Swedish foods

The world has embraced all Swedish things from furniture and crime fiction to cars and pop music. In recent years, as several restaurants affiliated with the New Nordic Kitchen movement have gained greater recognition, food has also added to the list. With a diet high in whole grains, protein, and omega-3, the Swedish diet has been acclaimed for its health benefits. But for those who want to experience Swedish cuisine without the exorbitant prices of a Michelin-starred restaurant or the restrictions of a low GI diet, here is a summary of the most essential foods to try while visiting the heart of Scandinavia.

Get even more inspiration for your gastronomic trips with our local guides, the best travel tips, and restaurant suggestions.


If Sweden had a national meal, it would undoubtedly be cinnamon roll. It is difficult to avoid these delicious spiced muffins, which can be found in all cafes, bakeries and food stores in the country – just follow the smell of your baking. With a lumpy, lightly sweetened bread dough known as vetebröd (wheat bread), they can also be flavored with cardamom, saffron and vanilla. These spices are a common feature in the Swedish bakery and are said to have been brought back when the Vikings first traded in Istanbul. Kanelbulle is best served for fika, the daily practice of sitting with coffee and something sweet.

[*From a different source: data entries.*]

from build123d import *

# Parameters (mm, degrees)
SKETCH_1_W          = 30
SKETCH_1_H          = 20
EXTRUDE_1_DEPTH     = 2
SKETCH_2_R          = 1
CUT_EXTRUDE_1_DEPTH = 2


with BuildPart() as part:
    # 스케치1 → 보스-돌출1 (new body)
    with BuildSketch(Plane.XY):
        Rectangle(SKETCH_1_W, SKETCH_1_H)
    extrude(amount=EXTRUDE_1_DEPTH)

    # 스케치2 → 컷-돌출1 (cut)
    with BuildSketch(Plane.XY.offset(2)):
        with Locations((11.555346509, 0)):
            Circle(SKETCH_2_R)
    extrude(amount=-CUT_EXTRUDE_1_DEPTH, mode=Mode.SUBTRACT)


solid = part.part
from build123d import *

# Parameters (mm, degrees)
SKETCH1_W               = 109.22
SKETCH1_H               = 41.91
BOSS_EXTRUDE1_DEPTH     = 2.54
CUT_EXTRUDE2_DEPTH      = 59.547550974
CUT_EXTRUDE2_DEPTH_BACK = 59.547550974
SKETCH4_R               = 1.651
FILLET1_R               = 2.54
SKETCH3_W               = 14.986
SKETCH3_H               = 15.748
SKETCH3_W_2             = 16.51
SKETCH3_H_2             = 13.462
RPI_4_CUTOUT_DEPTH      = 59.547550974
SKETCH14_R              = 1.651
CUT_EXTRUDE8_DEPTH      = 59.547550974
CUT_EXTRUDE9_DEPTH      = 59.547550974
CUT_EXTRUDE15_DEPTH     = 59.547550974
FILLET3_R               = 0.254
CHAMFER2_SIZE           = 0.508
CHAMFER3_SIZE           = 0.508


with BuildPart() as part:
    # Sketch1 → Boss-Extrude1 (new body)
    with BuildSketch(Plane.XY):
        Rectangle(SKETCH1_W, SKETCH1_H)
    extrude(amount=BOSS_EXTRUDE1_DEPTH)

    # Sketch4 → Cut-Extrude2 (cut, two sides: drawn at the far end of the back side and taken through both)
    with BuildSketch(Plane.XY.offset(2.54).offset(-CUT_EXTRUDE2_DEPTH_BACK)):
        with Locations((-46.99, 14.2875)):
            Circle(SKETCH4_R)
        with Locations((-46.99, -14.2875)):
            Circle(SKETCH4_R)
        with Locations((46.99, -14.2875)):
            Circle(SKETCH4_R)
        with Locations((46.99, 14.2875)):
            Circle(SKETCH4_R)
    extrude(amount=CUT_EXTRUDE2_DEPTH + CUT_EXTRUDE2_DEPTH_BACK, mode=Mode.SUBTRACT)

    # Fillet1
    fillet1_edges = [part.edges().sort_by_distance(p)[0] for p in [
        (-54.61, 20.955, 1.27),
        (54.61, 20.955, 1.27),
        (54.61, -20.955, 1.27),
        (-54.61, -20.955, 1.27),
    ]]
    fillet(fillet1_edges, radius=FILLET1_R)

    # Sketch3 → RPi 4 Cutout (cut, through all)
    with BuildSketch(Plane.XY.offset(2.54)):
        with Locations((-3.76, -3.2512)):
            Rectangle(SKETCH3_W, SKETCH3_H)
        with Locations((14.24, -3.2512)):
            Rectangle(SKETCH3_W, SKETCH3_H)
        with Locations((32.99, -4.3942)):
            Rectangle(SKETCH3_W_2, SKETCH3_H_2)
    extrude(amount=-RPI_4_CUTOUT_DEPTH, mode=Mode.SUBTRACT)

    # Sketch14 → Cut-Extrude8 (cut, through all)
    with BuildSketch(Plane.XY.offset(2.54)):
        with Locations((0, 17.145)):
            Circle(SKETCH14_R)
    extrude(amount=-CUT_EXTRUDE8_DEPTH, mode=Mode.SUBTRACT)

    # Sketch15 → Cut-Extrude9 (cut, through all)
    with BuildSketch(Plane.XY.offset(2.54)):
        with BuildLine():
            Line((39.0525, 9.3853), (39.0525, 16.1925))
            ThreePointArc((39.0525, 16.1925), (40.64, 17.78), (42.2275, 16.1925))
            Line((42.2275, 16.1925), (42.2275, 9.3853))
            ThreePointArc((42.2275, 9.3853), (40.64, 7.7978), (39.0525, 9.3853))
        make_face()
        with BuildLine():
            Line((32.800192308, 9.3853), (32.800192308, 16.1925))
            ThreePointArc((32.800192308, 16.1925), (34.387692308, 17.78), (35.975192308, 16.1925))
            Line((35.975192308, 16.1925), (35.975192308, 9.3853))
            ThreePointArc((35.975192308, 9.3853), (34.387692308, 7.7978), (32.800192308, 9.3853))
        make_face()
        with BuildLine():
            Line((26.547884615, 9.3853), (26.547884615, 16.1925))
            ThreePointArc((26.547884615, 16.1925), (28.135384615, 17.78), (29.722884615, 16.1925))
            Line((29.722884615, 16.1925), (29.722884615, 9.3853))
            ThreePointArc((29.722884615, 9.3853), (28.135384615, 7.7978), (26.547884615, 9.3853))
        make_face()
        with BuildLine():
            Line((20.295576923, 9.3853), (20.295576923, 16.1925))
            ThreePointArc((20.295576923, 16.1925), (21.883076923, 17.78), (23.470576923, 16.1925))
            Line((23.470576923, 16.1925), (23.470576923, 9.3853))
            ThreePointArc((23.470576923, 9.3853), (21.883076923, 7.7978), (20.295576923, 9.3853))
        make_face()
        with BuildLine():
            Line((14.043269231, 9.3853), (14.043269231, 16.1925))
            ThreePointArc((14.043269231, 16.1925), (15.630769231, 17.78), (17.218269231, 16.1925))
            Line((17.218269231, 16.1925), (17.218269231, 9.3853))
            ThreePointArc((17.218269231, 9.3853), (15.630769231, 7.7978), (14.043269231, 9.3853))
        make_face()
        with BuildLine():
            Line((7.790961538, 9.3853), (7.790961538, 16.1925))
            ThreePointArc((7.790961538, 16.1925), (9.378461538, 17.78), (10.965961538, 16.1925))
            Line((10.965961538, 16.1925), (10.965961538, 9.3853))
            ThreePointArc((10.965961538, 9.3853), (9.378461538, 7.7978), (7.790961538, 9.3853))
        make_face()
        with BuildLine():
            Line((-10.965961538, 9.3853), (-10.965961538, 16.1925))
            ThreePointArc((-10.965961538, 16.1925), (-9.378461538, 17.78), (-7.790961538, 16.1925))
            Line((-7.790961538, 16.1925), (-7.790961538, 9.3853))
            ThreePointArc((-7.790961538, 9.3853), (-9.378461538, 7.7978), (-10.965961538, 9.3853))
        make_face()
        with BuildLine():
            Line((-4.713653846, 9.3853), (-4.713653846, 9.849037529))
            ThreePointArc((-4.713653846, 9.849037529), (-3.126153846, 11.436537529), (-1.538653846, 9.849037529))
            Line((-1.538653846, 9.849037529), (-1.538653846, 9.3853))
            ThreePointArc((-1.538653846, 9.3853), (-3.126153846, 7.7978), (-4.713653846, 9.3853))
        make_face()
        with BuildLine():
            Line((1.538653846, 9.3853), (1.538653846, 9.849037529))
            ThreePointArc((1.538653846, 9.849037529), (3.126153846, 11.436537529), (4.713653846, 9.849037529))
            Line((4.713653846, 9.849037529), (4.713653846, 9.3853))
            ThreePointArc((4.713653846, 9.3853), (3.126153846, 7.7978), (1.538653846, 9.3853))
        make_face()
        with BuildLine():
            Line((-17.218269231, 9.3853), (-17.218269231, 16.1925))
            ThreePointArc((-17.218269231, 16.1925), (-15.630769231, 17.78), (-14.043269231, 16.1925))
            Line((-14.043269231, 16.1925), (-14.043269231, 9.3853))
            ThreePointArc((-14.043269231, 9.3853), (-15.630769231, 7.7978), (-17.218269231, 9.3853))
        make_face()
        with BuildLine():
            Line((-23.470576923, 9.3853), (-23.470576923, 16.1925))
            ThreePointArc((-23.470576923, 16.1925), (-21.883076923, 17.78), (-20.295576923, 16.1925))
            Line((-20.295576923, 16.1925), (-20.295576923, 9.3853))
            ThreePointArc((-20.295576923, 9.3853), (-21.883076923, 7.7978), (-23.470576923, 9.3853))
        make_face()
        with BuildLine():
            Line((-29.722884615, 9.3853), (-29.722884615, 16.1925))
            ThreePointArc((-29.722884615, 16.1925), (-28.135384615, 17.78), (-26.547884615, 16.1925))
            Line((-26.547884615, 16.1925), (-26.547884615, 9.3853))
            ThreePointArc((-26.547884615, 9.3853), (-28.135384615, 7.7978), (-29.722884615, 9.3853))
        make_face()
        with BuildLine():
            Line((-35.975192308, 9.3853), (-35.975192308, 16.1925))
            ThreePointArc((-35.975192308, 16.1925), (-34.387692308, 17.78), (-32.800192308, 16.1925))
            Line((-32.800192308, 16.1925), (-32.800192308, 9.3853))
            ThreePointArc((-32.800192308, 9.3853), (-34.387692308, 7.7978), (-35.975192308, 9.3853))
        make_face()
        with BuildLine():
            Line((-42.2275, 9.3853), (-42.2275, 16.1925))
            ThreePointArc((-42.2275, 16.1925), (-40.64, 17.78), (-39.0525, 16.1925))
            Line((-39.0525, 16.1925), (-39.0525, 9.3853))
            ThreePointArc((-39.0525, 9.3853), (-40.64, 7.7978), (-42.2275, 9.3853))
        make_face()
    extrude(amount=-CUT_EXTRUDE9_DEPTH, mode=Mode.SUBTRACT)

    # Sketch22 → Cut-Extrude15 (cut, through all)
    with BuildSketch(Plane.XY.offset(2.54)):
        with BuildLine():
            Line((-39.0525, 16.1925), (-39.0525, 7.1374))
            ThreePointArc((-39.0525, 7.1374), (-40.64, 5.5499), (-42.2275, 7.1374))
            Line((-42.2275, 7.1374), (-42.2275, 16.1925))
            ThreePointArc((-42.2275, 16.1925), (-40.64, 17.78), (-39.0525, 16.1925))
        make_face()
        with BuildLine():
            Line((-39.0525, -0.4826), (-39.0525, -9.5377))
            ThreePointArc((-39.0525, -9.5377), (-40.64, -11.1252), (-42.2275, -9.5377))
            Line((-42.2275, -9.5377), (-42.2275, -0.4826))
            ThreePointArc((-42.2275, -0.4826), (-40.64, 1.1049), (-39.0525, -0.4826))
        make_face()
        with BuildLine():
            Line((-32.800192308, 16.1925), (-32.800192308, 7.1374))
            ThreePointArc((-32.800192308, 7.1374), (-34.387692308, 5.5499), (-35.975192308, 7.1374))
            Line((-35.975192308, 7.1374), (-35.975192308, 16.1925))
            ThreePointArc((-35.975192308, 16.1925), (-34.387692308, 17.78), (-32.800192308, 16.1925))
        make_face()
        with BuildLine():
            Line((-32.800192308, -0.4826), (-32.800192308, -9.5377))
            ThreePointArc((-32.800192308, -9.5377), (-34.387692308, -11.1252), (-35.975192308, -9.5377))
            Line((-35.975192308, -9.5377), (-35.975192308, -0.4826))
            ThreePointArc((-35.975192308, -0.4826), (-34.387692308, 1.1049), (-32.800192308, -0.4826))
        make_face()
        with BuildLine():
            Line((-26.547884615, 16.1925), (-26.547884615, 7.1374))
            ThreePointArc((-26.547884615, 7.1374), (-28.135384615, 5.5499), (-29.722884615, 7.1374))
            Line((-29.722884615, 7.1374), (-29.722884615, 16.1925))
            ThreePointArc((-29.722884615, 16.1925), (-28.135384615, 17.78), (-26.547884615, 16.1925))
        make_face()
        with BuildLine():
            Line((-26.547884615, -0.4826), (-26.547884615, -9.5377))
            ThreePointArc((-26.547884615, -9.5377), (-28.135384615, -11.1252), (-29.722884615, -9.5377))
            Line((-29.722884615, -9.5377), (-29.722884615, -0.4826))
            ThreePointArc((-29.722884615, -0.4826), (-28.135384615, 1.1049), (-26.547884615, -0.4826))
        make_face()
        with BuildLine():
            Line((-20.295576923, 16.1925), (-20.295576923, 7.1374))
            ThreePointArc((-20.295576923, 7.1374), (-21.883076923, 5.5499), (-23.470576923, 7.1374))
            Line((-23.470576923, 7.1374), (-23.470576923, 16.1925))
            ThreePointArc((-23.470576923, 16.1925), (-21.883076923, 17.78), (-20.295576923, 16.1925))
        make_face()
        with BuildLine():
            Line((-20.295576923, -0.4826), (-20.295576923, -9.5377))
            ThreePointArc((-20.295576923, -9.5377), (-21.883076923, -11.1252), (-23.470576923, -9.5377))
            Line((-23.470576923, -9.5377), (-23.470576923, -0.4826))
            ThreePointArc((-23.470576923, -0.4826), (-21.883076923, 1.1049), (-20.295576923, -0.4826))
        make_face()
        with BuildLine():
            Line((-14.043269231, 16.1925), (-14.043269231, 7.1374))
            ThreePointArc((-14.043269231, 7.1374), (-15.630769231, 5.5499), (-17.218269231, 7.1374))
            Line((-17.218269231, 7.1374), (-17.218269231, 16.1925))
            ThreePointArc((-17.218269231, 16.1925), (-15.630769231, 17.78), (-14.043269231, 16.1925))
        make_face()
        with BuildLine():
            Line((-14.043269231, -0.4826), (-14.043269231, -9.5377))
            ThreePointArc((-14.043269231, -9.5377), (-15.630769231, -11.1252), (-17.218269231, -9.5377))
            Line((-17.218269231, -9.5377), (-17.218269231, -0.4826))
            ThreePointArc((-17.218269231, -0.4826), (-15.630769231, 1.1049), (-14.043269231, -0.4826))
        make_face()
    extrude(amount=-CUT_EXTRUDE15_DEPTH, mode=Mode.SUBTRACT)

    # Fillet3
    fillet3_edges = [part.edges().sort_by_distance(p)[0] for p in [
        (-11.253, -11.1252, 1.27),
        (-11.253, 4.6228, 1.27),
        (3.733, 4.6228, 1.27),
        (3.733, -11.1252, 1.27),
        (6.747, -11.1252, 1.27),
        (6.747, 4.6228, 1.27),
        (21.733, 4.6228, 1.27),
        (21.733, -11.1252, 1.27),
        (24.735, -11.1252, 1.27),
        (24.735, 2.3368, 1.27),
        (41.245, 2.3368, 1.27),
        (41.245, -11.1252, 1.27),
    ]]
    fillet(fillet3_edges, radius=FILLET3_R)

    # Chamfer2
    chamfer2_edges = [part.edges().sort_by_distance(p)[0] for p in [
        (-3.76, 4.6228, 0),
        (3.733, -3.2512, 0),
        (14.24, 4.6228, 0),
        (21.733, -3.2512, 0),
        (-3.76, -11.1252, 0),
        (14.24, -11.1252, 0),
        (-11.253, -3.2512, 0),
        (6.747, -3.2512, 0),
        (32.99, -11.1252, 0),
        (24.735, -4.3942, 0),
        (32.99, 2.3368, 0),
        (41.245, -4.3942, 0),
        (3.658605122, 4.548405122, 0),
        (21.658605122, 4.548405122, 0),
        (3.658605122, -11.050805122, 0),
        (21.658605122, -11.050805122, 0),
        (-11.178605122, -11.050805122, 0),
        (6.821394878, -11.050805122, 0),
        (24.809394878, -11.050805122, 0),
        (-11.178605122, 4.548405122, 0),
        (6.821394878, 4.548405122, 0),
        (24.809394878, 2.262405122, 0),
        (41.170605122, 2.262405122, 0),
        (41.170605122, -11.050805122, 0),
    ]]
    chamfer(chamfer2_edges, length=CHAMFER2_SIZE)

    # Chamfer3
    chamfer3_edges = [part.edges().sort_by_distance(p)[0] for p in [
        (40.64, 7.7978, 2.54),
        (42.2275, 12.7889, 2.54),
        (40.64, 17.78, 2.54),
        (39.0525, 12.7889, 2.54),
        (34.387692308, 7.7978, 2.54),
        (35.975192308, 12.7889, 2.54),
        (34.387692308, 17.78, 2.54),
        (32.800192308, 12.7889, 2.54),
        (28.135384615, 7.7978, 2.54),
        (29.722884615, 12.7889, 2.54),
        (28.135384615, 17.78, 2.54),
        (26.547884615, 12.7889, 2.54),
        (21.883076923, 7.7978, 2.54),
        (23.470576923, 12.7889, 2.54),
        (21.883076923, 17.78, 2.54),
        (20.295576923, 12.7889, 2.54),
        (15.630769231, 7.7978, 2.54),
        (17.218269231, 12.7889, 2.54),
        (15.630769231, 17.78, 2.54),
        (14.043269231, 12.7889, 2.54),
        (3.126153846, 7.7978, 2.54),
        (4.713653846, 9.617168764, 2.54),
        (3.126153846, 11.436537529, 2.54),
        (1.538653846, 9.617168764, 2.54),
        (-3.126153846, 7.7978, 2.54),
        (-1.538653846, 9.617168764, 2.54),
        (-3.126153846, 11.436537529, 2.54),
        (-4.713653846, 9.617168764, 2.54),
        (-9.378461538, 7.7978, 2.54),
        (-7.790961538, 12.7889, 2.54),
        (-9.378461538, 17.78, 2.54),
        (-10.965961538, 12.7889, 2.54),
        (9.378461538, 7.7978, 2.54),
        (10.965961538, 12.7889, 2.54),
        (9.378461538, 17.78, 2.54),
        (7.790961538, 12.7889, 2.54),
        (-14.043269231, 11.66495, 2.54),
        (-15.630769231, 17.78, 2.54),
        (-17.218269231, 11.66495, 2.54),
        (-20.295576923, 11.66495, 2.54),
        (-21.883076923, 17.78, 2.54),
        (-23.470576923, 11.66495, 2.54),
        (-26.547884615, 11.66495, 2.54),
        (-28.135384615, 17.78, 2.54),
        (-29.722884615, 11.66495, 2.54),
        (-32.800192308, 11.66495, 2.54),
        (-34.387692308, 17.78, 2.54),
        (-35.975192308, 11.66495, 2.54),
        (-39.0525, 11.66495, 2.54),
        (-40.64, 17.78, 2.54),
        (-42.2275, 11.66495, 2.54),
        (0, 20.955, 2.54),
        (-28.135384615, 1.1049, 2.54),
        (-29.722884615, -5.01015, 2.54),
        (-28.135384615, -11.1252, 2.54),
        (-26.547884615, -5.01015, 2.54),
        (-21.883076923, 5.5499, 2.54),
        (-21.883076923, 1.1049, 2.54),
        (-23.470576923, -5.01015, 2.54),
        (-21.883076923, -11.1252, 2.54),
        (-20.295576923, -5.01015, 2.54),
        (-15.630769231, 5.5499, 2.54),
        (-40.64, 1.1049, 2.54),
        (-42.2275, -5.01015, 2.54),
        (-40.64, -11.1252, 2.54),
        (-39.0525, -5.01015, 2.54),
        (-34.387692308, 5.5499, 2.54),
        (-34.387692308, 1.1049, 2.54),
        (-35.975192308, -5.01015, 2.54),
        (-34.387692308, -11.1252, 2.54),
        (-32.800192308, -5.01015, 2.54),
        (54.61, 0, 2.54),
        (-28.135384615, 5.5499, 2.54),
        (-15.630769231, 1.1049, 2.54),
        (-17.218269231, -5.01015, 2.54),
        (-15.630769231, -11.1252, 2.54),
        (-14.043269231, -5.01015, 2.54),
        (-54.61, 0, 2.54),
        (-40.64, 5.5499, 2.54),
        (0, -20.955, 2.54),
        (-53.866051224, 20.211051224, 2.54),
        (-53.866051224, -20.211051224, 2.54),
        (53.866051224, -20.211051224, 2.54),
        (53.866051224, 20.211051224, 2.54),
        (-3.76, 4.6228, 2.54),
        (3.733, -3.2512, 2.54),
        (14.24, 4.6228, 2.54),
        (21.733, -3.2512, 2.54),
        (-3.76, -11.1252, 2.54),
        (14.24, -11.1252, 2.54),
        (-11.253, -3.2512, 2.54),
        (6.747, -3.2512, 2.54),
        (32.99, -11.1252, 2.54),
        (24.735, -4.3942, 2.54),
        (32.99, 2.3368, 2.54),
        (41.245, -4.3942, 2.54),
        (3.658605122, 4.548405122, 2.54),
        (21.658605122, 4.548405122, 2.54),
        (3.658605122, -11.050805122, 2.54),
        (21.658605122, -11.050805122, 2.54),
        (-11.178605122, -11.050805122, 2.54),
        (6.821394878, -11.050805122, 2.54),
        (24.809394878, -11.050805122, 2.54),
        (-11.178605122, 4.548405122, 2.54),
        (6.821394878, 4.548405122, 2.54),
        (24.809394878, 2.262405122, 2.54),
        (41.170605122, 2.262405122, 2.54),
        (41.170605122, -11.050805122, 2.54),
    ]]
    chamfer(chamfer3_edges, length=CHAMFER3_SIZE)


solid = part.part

Browsing Swedish dairy products can be confusing for visitors as breakfast offers a bewildering variety of similar-looking boxes. There is minimjölk, which has almost no fat content; old-fashioned mjölk gammaldags, which is creamy and not homogenized; and latte art milk, which as the name implies is specifically for hot and sparkling drinks. But the product that causes more controversy is undoubtedly the filmjölk. This fermented dairy product “love it or hate it” has a slightly acidic flavor and yogurt, and is made from sour milk, a bit like whey or kefir. It is packed with healthy bacteria and is perfect with cereals, sweetened with a little sugar or even as an ingredient in breads and cakes.

Oatmeal coffee

Many Swedes are very health conscious. If you have a conversation with a local, it probably won’t be long before they tell you about their latest fitness or outdoor activities. As for nutrition, the Paleo, 5: 2 and LCHF diets (low carb and high fat) are popular. This, combined with the increase in food intolerances and allergies, has made many restaurants offer alternatives and substitutes to serve the population of the country, increasingly concerned about health and lactose and gluten intolerance. Why not try a coffee with oat milk, which has a slightly sweet and nutty taste? Discover which milk is right for you with our guide to lactose substitutes.

Toast Skagen

The most luxurious version of the prawn cocktail in Sweden is made with peeled prawns mixed with mayonnaise, dill, and lemon, topped with fish roe and served in sauteed crusty bread. Despite its slightly retro connotations, the dish has retained its popularity at dinners and restaurant menus. Skagen is a fishing port in northern Denmark, although the dish is not a Danish creation. It was invented by chef Tore Wretman, who ran some of the best restaurants in Stockholm. The story goes that Wretman was sailing in 1956 when he created this classic leftover entree in an attempt to encourage the crew during a windless strait. When asked what the dish was called, it is said that Tore looked out the window at the distant Danish coast and exclaimed: “It’s a classic Skagen Roasted!.” Try more sensational seafood recipes with our latest prawn collection.